The answer is a single number: the count of lines below in which the word "Resistance" appears.

Stored records:
________

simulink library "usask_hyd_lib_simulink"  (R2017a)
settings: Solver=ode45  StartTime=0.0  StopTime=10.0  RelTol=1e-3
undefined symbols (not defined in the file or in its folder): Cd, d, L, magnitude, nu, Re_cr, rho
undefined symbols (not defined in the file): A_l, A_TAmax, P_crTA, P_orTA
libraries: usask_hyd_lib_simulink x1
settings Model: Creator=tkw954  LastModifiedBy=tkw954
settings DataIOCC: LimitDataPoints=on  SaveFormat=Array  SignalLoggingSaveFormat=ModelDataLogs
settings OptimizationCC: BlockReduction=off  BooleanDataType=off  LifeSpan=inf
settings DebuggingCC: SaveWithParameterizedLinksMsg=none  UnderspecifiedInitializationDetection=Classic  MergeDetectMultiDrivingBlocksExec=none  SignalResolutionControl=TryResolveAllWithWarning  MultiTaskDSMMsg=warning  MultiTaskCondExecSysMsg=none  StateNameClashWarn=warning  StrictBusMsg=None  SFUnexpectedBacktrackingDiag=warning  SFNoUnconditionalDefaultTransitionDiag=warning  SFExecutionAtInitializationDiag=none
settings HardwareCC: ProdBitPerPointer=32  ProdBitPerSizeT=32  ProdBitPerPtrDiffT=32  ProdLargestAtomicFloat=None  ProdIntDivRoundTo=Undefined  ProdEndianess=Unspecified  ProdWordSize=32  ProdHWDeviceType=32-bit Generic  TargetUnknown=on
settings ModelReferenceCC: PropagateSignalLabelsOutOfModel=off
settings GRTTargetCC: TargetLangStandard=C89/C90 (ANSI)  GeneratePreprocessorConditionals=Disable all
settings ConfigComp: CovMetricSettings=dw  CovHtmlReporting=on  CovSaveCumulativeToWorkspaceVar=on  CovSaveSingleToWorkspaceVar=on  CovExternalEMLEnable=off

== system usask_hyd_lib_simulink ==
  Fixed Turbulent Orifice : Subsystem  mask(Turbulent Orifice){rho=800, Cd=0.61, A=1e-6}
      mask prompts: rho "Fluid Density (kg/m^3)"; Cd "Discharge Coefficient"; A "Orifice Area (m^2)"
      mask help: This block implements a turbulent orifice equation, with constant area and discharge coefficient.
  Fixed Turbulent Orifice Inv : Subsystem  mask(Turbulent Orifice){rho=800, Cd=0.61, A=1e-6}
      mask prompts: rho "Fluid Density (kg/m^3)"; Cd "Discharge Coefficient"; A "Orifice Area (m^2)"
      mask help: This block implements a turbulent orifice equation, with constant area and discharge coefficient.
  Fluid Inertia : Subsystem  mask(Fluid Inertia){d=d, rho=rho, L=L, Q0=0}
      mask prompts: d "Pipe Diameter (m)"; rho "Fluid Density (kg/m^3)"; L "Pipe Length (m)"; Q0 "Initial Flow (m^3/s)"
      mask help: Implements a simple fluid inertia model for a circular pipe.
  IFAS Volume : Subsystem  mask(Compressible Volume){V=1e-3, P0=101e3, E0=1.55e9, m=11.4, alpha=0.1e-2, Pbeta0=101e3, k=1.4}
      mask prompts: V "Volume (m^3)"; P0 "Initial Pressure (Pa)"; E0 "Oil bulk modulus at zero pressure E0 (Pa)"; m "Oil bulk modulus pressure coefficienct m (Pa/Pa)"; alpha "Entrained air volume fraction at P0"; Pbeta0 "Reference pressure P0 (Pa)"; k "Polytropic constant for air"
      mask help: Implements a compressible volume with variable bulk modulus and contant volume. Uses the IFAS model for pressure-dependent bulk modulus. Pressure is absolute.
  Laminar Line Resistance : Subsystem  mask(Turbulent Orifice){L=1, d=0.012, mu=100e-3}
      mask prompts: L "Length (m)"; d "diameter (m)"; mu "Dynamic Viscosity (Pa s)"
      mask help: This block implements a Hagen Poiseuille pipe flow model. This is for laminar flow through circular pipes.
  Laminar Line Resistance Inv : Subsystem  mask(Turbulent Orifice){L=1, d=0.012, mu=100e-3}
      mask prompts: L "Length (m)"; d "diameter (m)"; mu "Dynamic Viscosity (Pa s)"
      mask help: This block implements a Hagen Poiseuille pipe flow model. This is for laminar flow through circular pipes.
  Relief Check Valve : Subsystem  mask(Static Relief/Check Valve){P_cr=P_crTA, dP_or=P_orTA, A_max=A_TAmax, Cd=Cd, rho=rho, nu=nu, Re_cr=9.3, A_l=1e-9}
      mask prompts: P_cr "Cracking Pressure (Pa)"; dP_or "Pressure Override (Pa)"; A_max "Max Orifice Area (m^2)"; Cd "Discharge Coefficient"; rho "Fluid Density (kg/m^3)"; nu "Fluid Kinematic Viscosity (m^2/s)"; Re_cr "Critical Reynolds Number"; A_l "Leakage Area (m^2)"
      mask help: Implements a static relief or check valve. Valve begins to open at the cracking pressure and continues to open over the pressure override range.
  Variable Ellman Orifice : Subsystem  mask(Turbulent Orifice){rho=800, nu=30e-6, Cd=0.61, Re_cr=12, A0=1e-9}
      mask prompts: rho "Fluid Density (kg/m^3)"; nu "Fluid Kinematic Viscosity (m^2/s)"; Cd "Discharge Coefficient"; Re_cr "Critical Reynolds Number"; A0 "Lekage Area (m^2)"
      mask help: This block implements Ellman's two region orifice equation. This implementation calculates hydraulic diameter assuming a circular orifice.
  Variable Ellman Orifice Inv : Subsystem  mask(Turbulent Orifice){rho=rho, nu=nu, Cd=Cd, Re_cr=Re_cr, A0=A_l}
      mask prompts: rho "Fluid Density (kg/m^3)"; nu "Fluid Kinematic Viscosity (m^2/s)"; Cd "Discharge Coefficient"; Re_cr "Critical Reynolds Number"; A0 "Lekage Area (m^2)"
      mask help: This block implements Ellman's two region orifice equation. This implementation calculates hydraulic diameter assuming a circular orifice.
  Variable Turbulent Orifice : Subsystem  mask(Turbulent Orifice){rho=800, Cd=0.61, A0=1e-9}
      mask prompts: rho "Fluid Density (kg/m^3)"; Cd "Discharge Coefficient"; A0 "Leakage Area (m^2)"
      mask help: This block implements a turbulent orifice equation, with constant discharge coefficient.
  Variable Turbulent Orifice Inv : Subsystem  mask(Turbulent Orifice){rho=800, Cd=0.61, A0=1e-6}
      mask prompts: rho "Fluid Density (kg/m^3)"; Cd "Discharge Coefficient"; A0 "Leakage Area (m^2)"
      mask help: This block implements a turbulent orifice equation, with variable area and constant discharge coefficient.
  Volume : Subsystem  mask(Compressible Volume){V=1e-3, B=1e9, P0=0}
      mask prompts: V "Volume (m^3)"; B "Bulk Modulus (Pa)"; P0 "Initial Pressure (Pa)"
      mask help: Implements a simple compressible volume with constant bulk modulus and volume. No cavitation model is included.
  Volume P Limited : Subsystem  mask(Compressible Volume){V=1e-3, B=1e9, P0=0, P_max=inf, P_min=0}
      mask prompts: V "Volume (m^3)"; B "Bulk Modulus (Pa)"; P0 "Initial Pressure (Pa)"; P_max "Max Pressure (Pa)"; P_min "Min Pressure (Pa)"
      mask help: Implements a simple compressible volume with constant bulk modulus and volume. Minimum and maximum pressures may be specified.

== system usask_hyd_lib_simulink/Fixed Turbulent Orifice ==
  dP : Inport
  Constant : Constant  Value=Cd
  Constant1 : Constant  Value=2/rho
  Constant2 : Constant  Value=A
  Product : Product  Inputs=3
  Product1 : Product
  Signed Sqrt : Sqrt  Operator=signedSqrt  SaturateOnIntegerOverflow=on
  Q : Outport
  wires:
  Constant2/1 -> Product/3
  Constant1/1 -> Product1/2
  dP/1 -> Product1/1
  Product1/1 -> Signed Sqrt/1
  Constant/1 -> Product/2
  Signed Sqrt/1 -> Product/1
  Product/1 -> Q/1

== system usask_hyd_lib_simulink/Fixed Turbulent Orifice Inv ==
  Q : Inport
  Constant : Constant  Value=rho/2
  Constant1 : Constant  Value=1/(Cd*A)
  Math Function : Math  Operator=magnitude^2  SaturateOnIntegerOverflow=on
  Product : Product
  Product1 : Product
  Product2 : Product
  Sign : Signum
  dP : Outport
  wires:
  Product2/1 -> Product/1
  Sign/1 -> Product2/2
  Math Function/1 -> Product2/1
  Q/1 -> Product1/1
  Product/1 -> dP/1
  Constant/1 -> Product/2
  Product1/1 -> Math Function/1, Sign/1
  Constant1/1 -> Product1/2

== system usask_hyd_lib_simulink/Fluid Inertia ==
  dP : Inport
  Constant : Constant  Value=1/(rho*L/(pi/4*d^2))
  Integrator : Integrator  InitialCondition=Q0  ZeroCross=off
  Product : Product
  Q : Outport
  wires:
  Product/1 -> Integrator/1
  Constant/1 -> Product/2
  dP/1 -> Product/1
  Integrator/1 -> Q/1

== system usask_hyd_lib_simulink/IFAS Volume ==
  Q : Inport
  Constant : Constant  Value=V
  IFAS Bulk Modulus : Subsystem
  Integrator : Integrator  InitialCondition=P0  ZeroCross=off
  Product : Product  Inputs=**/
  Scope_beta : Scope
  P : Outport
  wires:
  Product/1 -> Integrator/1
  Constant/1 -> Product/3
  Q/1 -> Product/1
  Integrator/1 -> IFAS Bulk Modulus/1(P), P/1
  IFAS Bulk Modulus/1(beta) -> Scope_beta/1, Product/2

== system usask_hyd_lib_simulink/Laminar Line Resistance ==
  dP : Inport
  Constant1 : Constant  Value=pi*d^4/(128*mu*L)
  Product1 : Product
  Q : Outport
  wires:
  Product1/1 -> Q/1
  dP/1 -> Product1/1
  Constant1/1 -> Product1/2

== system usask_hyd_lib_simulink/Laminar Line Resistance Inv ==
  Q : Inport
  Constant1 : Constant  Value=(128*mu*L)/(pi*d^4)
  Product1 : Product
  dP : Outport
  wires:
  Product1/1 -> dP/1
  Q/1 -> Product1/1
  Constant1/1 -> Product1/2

________

Answer: 4